I guess G+ needs a mechanism to allow people to ask to subscribe to a Circle,
and the owner can approve or deny it. (Or set an option to auto-allow.)

That keeps the privacy aspect, but also makes it easy for people to follow or
be followed.

If that happened, then the circles themselves would become the tags.

Another post here on HN talks about Circles not being Groups. (The Zuckerberg
one.)

Reposting my comments from there:

I would definitely like to see Google add groups as pseudo-people... And then
you can put that group in a Circle and share to it.

People in the group can see who else is in the group. Groups could be curated
(need approval to join) or just open to anyone, and moderated (need approval
to post) or not depending on the choices made by the group owner.

------
seri
It seems to me that the most active use for G+ at the moment is as a
broadcasting system, very much like Twitter. Maybe Google has envisioned this,
maybe not. I admit I didn't. I thought Google would have done whatever it
takes to promote more intimate and private communication among close friend
circles.

But while G+ is arguably a better broadcasting system than Twitter, it is
still broken. A tech celeb would love to consistently post tech stuffs, but
while this activity satisfies his geeky followers, it would annoy his friends
and families. And there is no way a tech celeb can manually add his followers
into different circles.

I imagine if G+ fixes this problem, it will completely replace Twitter in no
time at all.

One solution is to introduce a concept called _Channels_.
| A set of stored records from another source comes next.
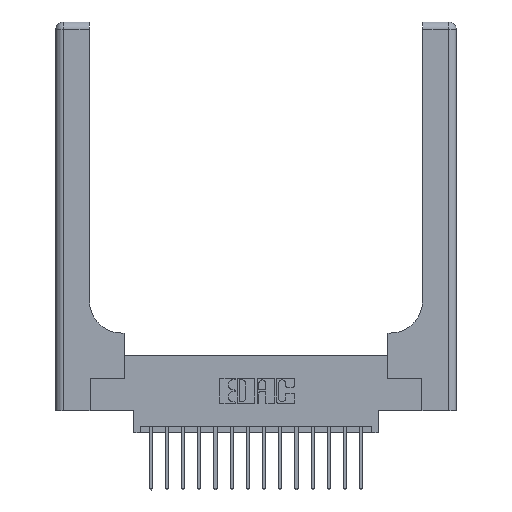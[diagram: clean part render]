
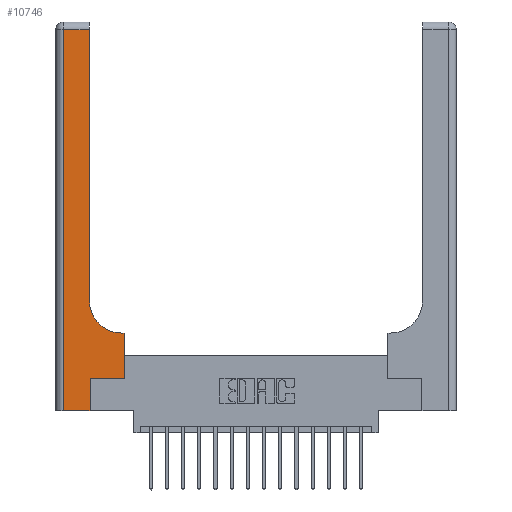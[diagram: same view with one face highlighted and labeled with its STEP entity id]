
A CAD part, top view. The second image highlights one B-rep face of the part: STEP entity #10746.
In plain terms, the highlighted planar face has unit normal (0, 0, 1).
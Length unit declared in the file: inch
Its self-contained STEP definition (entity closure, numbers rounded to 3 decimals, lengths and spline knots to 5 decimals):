
#49 = CARTESIAN_POINT ( 'NONE',  ( 0.06, 3., 0.37 ) ) ;
#151 = ORIENTED_EDGE ( 'NONE', *, *, #11037, .T. ) ;
#259 = LINE ( 'NONE', #7387, #7367 ) ;
#423 = CARTESIAN_POINT ( 'NONE',  ( 0.26, 2.94, 0.37 ) ) ;
#597 = LINE ( 'NONE', #11783, #11848 ) ;
#1410 = EDGE_CURVE ( 'NONE', #17213, #2887, #11189, .T. ) ;
#1603 = EDGE_CURVE ( 'NONE', #14179, #14640, #4391, .T. ) ;
#1753 = DIRECTION ( 'NONE',  ( -1., 0., 0. ) ) ;
#1934 = DIRECTION ( 'NONE',  ( 1., 0., 0. ) ) ;
#2081 = CARTESIAN_POINT ( 'NONE',  ( 0.06, 0., 0.37 ) ) ;
#2887 = VERTEX_POINT ( 'NONE', #10943 ) ;
#3300 = VECTOR ( 'NONE', #13908, 39.37008 ) ;
#3469 = ORIENTED_EDGE ( 'NONE', *, *, #1603, .T. ) ;
#3528 = CARTESIAN_POINT ( 'NONE',  ( 0.265, 0., 0.37 ) ) ;
#3656 = EDGE_LOOP ( 'NONE', ( #8706, #13283, #3469, #5011, #5250, #3946, #5719, #5957, #151 ) ) ;
#3802 = CARTESIAN_POINT ( 'NONE',  ( 0.51, 0.85, 0.37 ) ) ;
#3876 = VERTEX_POINT ( 'NONE', #10910 ) ;
#3946 = ORIENTED_EDGE ( 'NONE', *, *, #7716, .T. ) ;
#3948 = VECTOR ( 'NONE', #8976, 39.37008 ) ;
#4228 = DIRECTION ( 'NONE',  ( -1., 0., 0. ) ) ;
#4391 = LINE ( 'NONE', #49, #7697 ) ;
#4493 = AXIS2_PLACEMENT_3D ( 'NONE', #3802, #13614, #5221 ) ;
#5011 = ORIENTED_EDGE ( 'NONE', *, *, #11276, .T. ) ;
#5221 = DIRECTION ( 'NONE',  ( 1., 0., 0. ) ) ;
#5250 = ORIENTED_EDGE ( 'NONE', *, *, #1410, .T. ) ;
#5719 = ORIENTED_EDGE ( 'NONE', *, *, #7726, .T. ) ;
#5957 = ORIENTED_EDGE ( 'NONE', *, *, #18196, .T. ) ;
#5983 = CARTESIAN_POINT ( 'NONE',  ( 0., 3., 0.37 ) ) ;
#6732 = AXIS2_PLACEMENT_3D ( 'NONE', #5983, #15788, #7389 ) ;
#6751 = VECTOR ( 'NONE', #10928, 39.37008 ) ;
#6885 = VERTEX_POINT ( 'NONE', #10279 ) ;
#7297 = CARTESIAN_POINT ( 'NONE',  ( 0., 0., 0.37 ) ) ;
#7321 = PLANE ( 'NONE',  #6732 ) ;
#7367 = VECTOR ( 'NONE', #1753, 39.37008 ) ;
#7387 = CARTESIAN_POINT ( 'NONE',  ( 0., 2.94, 0.37 ) ) ;
#7389 = DIRECTION ( 'NONE',  ( -1., 0., 0. ) ) ;
#7697 = VECTOR ( 'NONE', #17817, 39.37008 ) ;
#7716 = EDGE_CURVE ( 'NONE', #2887, #3876, #597, .T. ) ;
#7726 = EDGE_CURVE ( 'NONE', #3876, #16120, #11396, .T. ) ;
#8358 = VERTEX_POINT ( 'NONE', #423 ) ;
#8706 = ORIENTED_EDGE ( 'NONE', *, *, #9185, .T. ) ;
#8719 = DIRECTION ( 'NONE',  ( 1., 0., 0. ) ) ;
#8976 = DIRECTION ( 'NONE',  ( 0., 1., 0. ) ) ;
#9185 = EDGE_CURVE ( 'NONE', #13386, #8358, #10896, .T. ) ;
#9306 = CIRCLE ( 'NONE', #4493, 0.25 ) ;
#9514 = LINE ( 'NONE', #7297, #16560 ) ;
#9520 = CARTESIAN_POINT ( 'NONE',  ( 0.26, 3., 0.37 ) ) ;
#9976 = FACE_OUTER_BOUND ( 'NONE', #3656, .T. ) ;
#10279 = CARTESIAN_POINT ( 'NONE',  ( 0.51, 0.6, 0.37 ) ) ;
#10746 = ADVANCED_FACE ( 'NONE', ( #9976 ), #7321, .F. ) ;
#10896 = LINE ( 'NONE', #9520, #6751 ) ;
#10910 = CARTESIAN_POINT ( 'NONE',  ( 0.528, 0.25, 0.37 ) ) ;
#10928 = DIRECTION ( 'NONE',  ( 0., 1., 0. ) ) ;
#10943 = CARTESIAN_POINT ( 'NONE',  ( 0.265, 0.25, 0.37 ) ) ;
#11037 = EDGE_CURVE ( 'NONE', #6885, #13386, #9306, .T. ) ;
#11189 = LINE ( 'NONE', #14123, #3300 ) ;
#11211 = CARTESIAN_POINT ( 'NONE',  ( 0.26, 0.6, 0.37 ) ) ;
#11276 = EDGE_CURVE ( 'NONE', #14640, #17213, #9514, .T. ) ;
#11396 = LINE ( 'NONE', #14613, #3948 ) ;
#11783 = CARTESIAN_POINT ( 'NONE',  ( 0.265, 0.25, 0.37 ) ) ;
#11848 = VECTOR ( 'NONE', #1934, 39.37008 ) ;
#12781 = VECTOR ( 'NONE', #4228, 39.37008 ) ;
#13283 = ORIENTED_EDGE ( 'NONE', *, *, #16157, .T. ) ;
#13386 = VERTEX_POINT ( 'NONE', #17262 ) ;
#13614 = DIRECTION ( 'NONE',  ( 0., 0., -1. ) ) ;
#13672 = LINE ( 'NONE', #11211, #12781 ) ;
#13908 = DIRECTION ( 'NONE',  ( 0., 1., 0. ) ) ;
#14123 = CARTESIAN_POINT ( 'NONE',  ( 0.265, 0., 0.37 ) ) ;
#14179 = VERTEX_POINT ( 'NONE', #16321 ) ;
#14613 = CARTESIAN_POINT ( 'NONE',  ( 0.528, 0.25, 0.37 ) ) ;
#14640 = VERTEX_POINT ( 'NONE', #2081 ) ;
#15735 = CARTESIAN_POINT ( 'NONE',  ( 0.528, 0.6, 0.37 ) ) ;
#15788 = DIRECTION ( 'NONE',  ( 0., 0., -1. ) ) ;
#16120 = VERTEX_POINT ( 'NONE', #15735 ) ;
#16157 = EDGE_CURVE ( 'NONE', #8358, #14179, #259, .T. ) ;
#16321 = CARTESIAN_POINT ( 'NONE',  ( 0.06, 2.94, 0.37 ) ) ;
#16560 = VECTOR ( 'NONE', #8719, 39.37008 ) ;
#17213 = VERTEX_POINT ( 'NONE', #3528 ) ;
#17262 = CARTESIAN_POINT ( 'NONE',  ( 0.26, 0.85, 0.37 ) ) ;
#17817 = DIRECTION ( 'NONE',  ( 0., -1., 0. ) ) ;
#18196 = EDGE_CURVE ( 'NONE', #16120, #6885, #13672, .T. ) ;

Suppose I follow DHH. The problem is DHH has a lot of interests, ranging from
Ruby, entrepreneurship, to Forbes bashing (DHH fans bear it with me here). Now
DHH doesn't know who among his followers cares about which of his interests,
but he creates some _Channels_ , namely "Ruby", "Entrepreneurship", "Forbes
Bashing", etc anyway, so followers can filter themselves.

Now a Rails guy found DHH's G+ page. He would like to follow DHH, but he
doesn't care so much about DHH's financial insight. Now that when he adds DHH
to his "Follow" Circle, he can choose to pick some among many DHH's _Channels_
and everyone is happy.

Finally, DHH's "public" posts are only visible to those who specifically added
him to the "Follow" circle.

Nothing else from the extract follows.